Excerpted records >>

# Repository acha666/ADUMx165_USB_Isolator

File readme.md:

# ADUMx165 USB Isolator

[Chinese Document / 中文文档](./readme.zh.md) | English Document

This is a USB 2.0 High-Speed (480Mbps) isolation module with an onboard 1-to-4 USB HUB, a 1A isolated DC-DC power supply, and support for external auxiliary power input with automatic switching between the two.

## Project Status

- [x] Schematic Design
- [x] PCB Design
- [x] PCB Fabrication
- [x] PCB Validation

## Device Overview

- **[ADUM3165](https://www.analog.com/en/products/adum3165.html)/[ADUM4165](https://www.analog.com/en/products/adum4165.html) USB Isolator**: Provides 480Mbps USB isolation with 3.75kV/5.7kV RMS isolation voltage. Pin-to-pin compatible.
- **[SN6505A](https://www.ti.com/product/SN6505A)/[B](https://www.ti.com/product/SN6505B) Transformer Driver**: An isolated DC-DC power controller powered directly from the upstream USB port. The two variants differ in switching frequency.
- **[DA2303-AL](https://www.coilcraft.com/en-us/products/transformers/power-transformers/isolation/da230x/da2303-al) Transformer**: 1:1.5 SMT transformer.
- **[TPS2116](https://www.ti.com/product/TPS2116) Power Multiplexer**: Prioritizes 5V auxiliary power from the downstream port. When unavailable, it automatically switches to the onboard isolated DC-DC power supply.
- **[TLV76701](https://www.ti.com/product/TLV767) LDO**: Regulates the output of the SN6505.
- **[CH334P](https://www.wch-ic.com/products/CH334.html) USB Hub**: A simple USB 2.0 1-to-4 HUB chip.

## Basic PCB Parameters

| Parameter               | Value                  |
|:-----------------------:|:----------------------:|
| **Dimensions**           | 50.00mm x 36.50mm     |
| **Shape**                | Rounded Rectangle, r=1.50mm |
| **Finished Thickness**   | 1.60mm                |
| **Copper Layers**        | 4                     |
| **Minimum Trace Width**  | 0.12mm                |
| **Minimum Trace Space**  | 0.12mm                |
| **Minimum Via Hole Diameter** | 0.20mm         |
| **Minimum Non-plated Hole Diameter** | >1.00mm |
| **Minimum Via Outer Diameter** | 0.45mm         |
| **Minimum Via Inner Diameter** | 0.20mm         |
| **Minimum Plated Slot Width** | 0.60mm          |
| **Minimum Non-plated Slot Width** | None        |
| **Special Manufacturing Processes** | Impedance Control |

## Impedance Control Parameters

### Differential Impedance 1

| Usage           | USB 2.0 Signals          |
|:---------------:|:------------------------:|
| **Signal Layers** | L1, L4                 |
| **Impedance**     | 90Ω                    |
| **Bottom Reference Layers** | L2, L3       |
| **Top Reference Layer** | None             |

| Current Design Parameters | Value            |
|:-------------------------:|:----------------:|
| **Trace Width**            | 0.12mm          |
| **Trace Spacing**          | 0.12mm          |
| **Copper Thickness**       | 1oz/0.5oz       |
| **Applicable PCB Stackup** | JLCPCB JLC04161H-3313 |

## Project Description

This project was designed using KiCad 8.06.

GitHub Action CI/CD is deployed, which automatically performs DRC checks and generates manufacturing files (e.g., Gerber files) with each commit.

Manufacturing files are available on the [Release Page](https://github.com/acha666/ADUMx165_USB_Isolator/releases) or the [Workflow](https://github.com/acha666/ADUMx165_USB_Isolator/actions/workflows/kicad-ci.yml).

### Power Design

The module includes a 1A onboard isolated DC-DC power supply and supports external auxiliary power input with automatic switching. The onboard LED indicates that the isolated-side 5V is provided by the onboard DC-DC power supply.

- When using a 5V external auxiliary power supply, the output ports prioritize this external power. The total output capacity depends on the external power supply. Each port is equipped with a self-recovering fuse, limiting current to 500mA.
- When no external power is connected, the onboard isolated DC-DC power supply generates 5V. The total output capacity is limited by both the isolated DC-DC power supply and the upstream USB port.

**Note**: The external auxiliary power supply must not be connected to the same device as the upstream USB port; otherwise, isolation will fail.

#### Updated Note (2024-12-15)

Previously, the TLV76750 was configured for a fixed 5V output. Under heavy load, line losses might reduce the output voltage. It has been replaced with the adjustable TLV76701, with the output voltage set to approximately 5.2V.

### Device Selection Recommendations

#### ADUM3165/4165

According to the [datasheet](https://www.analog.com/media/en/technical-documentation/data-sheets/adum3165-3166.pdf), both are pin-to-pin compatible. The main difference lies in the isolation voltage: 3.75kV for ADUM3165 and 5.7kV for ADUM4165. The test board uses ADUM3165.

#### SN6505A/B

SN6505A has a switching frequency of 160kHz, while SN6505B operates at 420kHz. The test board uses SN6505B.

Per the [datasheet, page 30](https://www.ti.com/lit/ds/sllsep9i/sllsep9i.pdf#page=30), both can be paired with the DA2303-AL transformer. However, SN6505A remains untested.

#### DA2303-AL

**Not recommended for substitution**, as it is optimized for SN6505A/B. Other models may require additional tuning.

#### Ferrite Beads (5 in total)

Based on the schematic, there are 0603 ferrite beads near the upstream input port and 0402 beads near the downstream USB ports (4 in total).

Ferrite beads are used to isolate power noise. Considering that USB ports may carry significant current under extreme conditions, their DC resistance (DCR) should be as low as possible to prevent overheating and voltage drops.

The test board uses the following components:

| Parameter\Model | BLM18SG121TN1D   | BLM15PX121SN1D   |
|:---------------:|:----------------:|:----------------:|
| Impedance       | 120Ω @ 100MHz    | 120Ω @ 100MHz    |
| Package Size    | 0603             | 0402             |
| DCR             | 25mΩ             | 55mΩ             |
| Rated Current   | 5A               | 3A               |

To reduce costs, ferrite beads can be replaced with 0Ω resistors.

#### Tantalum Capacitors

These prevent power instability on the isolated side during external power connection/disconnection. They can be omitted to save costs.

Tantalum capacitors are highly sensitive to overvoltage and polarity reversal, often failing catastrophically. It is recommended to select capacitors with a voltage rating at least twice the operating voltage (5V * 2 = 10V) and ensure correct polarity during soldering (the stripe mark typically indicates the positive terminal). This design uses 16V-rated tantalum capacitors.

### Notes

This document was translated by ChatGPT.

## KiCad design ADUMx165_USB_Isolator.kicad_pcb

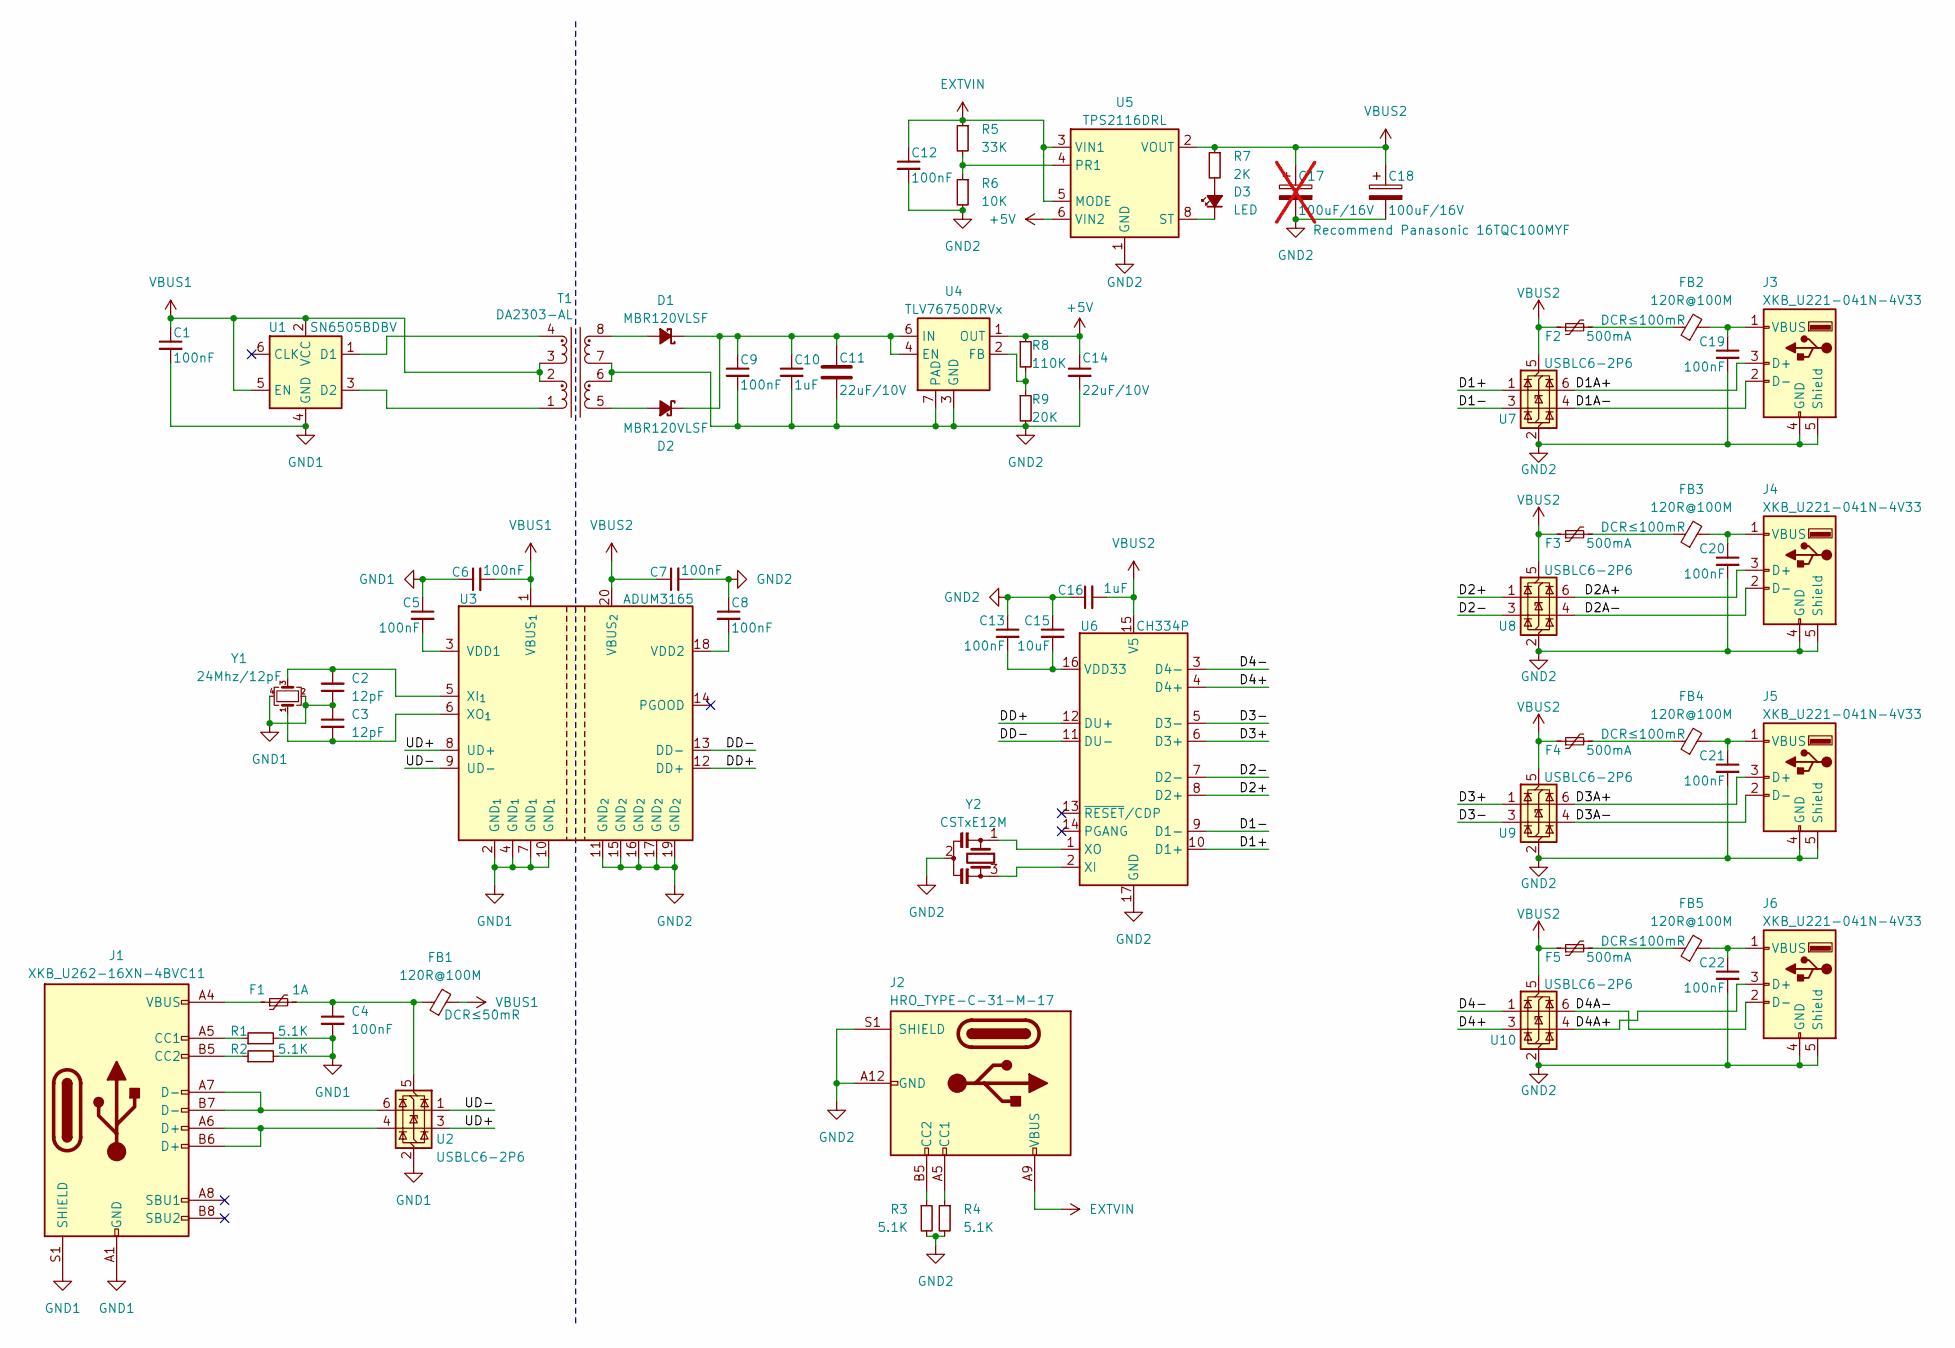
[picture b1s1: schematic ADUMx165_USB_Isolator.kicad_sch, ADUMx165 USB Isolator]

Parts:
C1, C4, C5, C6, C7, C8, C9, C12, C13, C19, C20, C21, C22: 100nF; C_0402_1005Metric
C2, C3: 12pF; C_0402_1005Metric
C10, C16: 1uF; C_0402_1005Metric
C11: 22uF/10V; C_0603_1608Metric
C14: 22uF/10V; C_0402_1005Metric
C15: 10uF; C_0402_1005Metric
C17: 100uF/16V; CP_EIA-7343-20_Kemet-V; not fitted
C18: 100uF/16V; CP_EIA-7343-20_Kemet-V
D1, D2: MBR120VLSF; D_SOD-123F
D3: LED; LED_0402_1005Metric
F1: 1A; Fuse_0603_1608Metric
F2, F3, F4, F5: 500mA; Fuse_0402_1005Metric
FB1: 120R@100M; L_0603_1608Metric
FB2, FB3, FB4, FB5: 120R@100M; L_0402_1005Metric
J1: XKB_U262-16XN-4BVC11; USB_C_Receptacle_XKB_U262-16XN-4BVC11
J2: HRO_TYPE-C-31-M-17; USB_C_Receptacle_HRO_TYPE-C-31-M-17
J3, J4, J5, J6: XKB_U221-041N-4V33; U221-041N-4V33
R1, R2, R3, R4: 5.1K; R_0402_1005Metric
R5: 33K; R_0402_1005Metric
R6: 10K; R_0402_1005Metric
R7: 2K; R_0402_1005Metric
R8: 110K; R_0402_1005Metric
R9: 20K; R_0402_1005Metric
T1: DA2303-AL
U1: SN6505BDBV; SOT-23-6
U2, U7, U8, U9, U10: USBLC6-2P6; SOT-666
U3: ADUM3165; SSOP-20_5.3x7.2mm_P0.65mm
U4: TLV76750DRVx; WSON-6-1EP_2x2mm_P0.65mm_EP1x1.6mm_ThermalVias
U5: TPS2116DRL; SOT-583-8
U6: CH334P; QFN-16-1EP_3x3mm_P0.5mm_EP1.75x1.75mm
Y1: 24Mhz/12pF; Crystal_SMD_2016-4Pin_2.0x1.6mm
Y2: CSTxE12M; Resonator_SMD_Murata_CSTxExxV-3Pin_3.0x1.1mm

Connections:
+5V: C14.1, R8.1, U4.1 (OUT), U5.6 (VIN2)
/D1+: U6.10 (D1+), U7.1 (I/O1)
/D1-: U6.9 (D1-), U7.3 (I/O2)
/D1A+: J3.3 (D+), U7.6 (I/O1)
/D1A-: J3.2 (D-), U7.4 (I/O2)
/D2+: U6.8 (D2+), U8.1 (I/O1)
/D2-: U6.7 (D2-), U8.3 (I/O2)
/D2A+: J4.3 (D+), U8.6 (I/O1)
/D2A-: J4.2 (D-), U8.4 (I/O2)
/D3+: U6.6 (D3+), U9.1 (I/O1)
/D3-: U6.5 (D3-), U9.3 (I/O2)
/D3A+: J5.3 (D+), U9.6 (I/O1)
/D3A-: J5.2 (D-), U9.4 (I/O2)
/D4+: U6.4 (D4+), U10.3 (I/O2)
/D4-: U6.3 (D4-), U10.1 (I/O1)
/D4A+: J6.3 (D+), U10.4 (I/O2)
/D4A-: J6.2 (D-), U10.6 (I/O1)
/DD+: U3.12 (DD+), U6.12 (DU+)
/DD-: U3.13 (DD-), U6.11 (DU-)
/UD+: U2.3 (I/O2), U3.8 (UD+)
/UD-: U2.1 (I/O1), U3.9 (UD-)
EXTVIN: C12.1, J2.A9 (VBUS), J2.B9 (VBUS), R5.1, U5.3 (VIN1), U5.5 (MODE)
GND1: C1.2, C2.1, C3.1, C4.2, C5.1, C6.1, J1.A1 (GND), J1.A12 (GND), J1.B1 (GND), J1.B12 (GND), J1.S1 (SHIELD), R1.2, R2.2, U1.4 (GND), U2.2 (GND), U3.2 (GND_{1}), U3.4 (GND_{1}), U3.7 (GND_{1}), U3.10 (GND_{1}), Y1.2, Y1.4
GND2: C7.2, C8.1, C9.2, C10.2, C11.2, C12.2, C13.1, C14.2, C15.1, C16.1, C17.2, C18.2, C19.2, C20.2, C21.2, C22.2, J2.A12 (GND), J2.B12 (GND), J2.S1 (SHIELD), J3.4 (GND), J3.5 (Shield), J4.4 (GND), J4.5 (Shield), J5.4 (GND), J5.5 (Shield), J6.4 (GND), J6.5 (Shield), R3.2, R4.2, R6.2, R9.2, T1.6 (OUT2A), T1.7 (OUT1B), U3.11 (GND_{2}), U3.15 (GND_{2}), U3.16 (GND_{2}), U3.17 (GND_{2}), U3.19 (GND_{2}), U4.3 (GND), U4.5 (GND), U4.7 (PAD), U5.1 (GND), U6.17 (GND), U7.2 (GND), U8.2 (GND), U9.2 (GND), U10.2 (GND), Y2.2
unnamed: D1.2 (A), T1.8 (OUT1A)
unnamed: C9.1, C10.1, C11.1, D1.1 (K), D2.1 (K), U4.4 (EN), U4.6 (IN)
unnamed: D2.2 (A), T1.5 (OUT2B)
unnamed: D3.2 (A), R7.2
unnamed: D3.1 (K), U5.8 (ST)
unnamed: F1.1, J1.A4 (VBUS), J1.A9 (VBUS), J1.B4 (VBUS), J1.B9 (VBUS)
unnamed: F2.2, FB2.1
unnamed: F3.2, FB3.1
unnamed: F4.2, FB4.1
unnamed: F5.2, FB5.1
unnamed: J1.A5 (CC1), R1.1
unnamed: J1.B5 (CC2), R2.1
unnamed: J1.A6 (D+), J1.B6 (D+), U2.4 (I/O2)
unnamed: J1.A7 (D-), J1.B7 (D-), U2.6 (I/O1)
unnamed: J2.A5 (CC1), R4.1
unnamed: J2.B5 (CC2), R3.1
unnamed: C19.1, FB2.2, J3.1 (VBUS)
unnamed: C20.1, FB3.2, J4.1 (VBUS)
unnamed: C21.1, FB4.2, J5.1 (VBUS)
unnamed: C22.1, FB5.2, J6.1 (VBUS)
unnamed: T1.4 (OUT1A), U1.1 (D1)
unnamed: T1.1 (OUT2B), U1.3 (D2)
unnamed: C4.1, F1.2, FB1.1, U2.5 (VBUS)
unnamed: C5.2, U3.3 (VDD1)
unnamed: C8.2, U3.18 (VDD2)
unnamed: C2.2, U3.5 (XI_{1}), Y1.3
unnamed: C3.2, U3.6 (XO_{1}), Y1.1
unnamed: R8.2, R9.1, U4.2 (FB)
unnamed: R5.2, R6.1, U5.4 (PR1)
unnamed: C13.2, C15.2, U6.16 (VDD33)
unnamed: U6.2 (XI), Y2.3
unnamed: U6.1 (XO), Y2.1
VBUS1: C1.1, C6.2, FB1.2, T1.2 (OUT2A), T1.3 (OUT1B), U1.2 (VCC), U1.5 (EN), U3.1 (VBUS_{1})
VBUS2: C7.1, C16.2, C17.1, C18.1, F2.1, F3.1, F4.1, F5.1, R7.1, U3.20 (VBUS_{2}), U5.2 (VOUT), U5.7 (VOUT), U6.15 (V5), U7.5 (VBUS), U8.5 (VBUS), U9.5 (VBUS), U10.5 (VBUS)

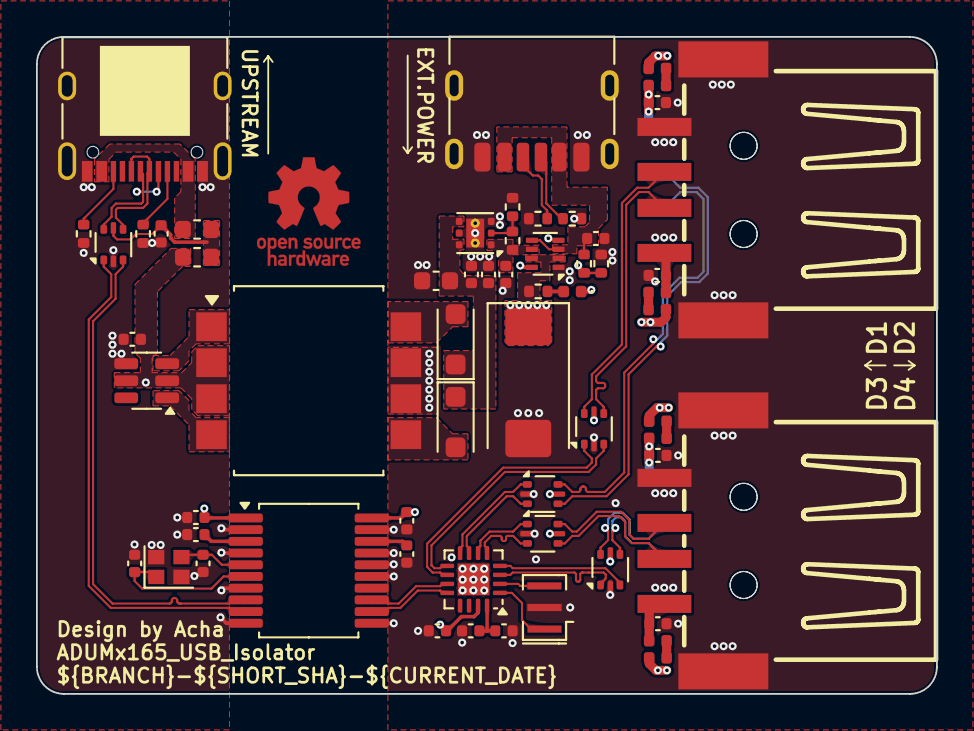
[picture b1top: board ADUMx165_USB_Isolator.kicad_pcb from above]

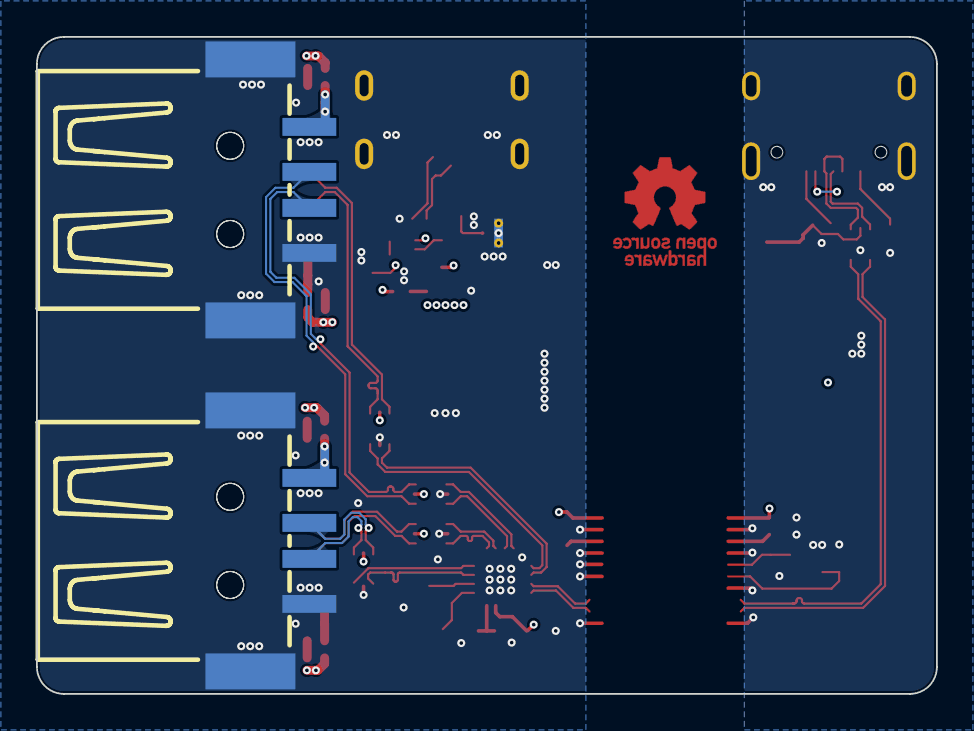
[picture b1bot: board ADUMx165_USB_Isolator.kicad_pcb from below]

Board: 4 copper layers, 50.0 x 36.5 mm, 62 parts (2 on the bottom side), 58 nets.

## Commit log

2024-11-15 Update workflow Embed 3D models Board shape & silkscreen change
2024-11-15 Update workflow
2024-11-15 Update workflow PCB text objects changes
2024-11-15 Fix typo
2024-11-17 Add GND Vias Update Workflow
2024-11-17 Update FuckJLC
2024-11-18 Change drill file export format
2024-11-30 Update readme.md Add Eng translation Add board image Change R7 value to 2K
2024-11-30 Fix readme image issue
2024-11-30 Fix readme link issue
2024-12-15 Change TLV76750 to TLV76701
2025-01-05 Upd brd img

Exercise >> Reproduce the lines from the line containing "unnamed: C21.1, FB4.2, J5.1 (VBUS)" through the end of the records above, exactly and inclusively, omitting pictures.

Response below >>
unnamed: C21.1, FB4.2, J5.1 (VBUS)
unnamed: C22.1, FB5.2, J6.1 (VBUS)
unnamed: T1.4 (OUT1A), U1.1 (D1)
unnamed: T1.1 (OUT2B), U1.3 (D2)
unnamed: C4.1, F1.2, FB1.1, U2.5 (VBUS)
unnamed: C5.2, U3.3 (VDD1)
unnamed: C8.2, U3.18 (VDD2)
unnamed: C2.2, U3.5 (XI_{1}), Y1.3
unnamed: C3.2, U3.6 (XO_{1}), Y1.1
unnamed: R8.2, R9.1, U4.2 (FB)
unnamed: R5.2, R6.1, U5.4 (PR1)
unnamed: C13.2, C15.2, U6.16 (VDD33)
unnamed: U6.2 (XI), Y2.3
unnamed: U6.1 (XO), Y2.1
VBUS1: C1.1, C6.2, FB1.2, T1.2 (OUT2A), T1.3 (OUT1B), U1.2 (VCC), U1.5 (EN), U3.1 (VBUS_{1})
VBUS2: C7.1, C16.2, C17.1, C18.1, F2.1, F3.1, F4.1, F5.1, R7.1, U3.20 (VBUS_{2}), U5.2 (VOUT), U5.7 (VOUT), U6.15 (V5), U7.5 (VBUS), U8.5 (VBUS), U9.5 (VBUS), U10.5 (VBUS)

[picture b1top: board ADUMx165_USB_Isolator.kicad_pcb from above]

[picture b1bot: board ADUMx165_USB_Isolator.kicad_pcb from below]

Board: 4 copper layers, 50.0 x 36.5 mm, 62 parts (2 on the bottom side), 58 nets.

## Commit log

2024-11-15 Update workflow Embed 3D models Board shape & silkscreen change
2024-11-15 Update workflow
2024-11-15 Update workflow PCB text objects changes
2024-11-15 Fix typo
2024-11-17 Add GND Vias Update Workflow
2024-11-17 Update FuckJLC
2024-11-18 Change drill file export format
2024-11-30 Update readme.md Add Eng translation Add board image Change R7 value to 2K
2024-11-30 Fix readme image issue
2024-11-30 Fix readme link issue
2024-12-15 Change TLV76750 to TLV76701
2025-01-05 Upd brd img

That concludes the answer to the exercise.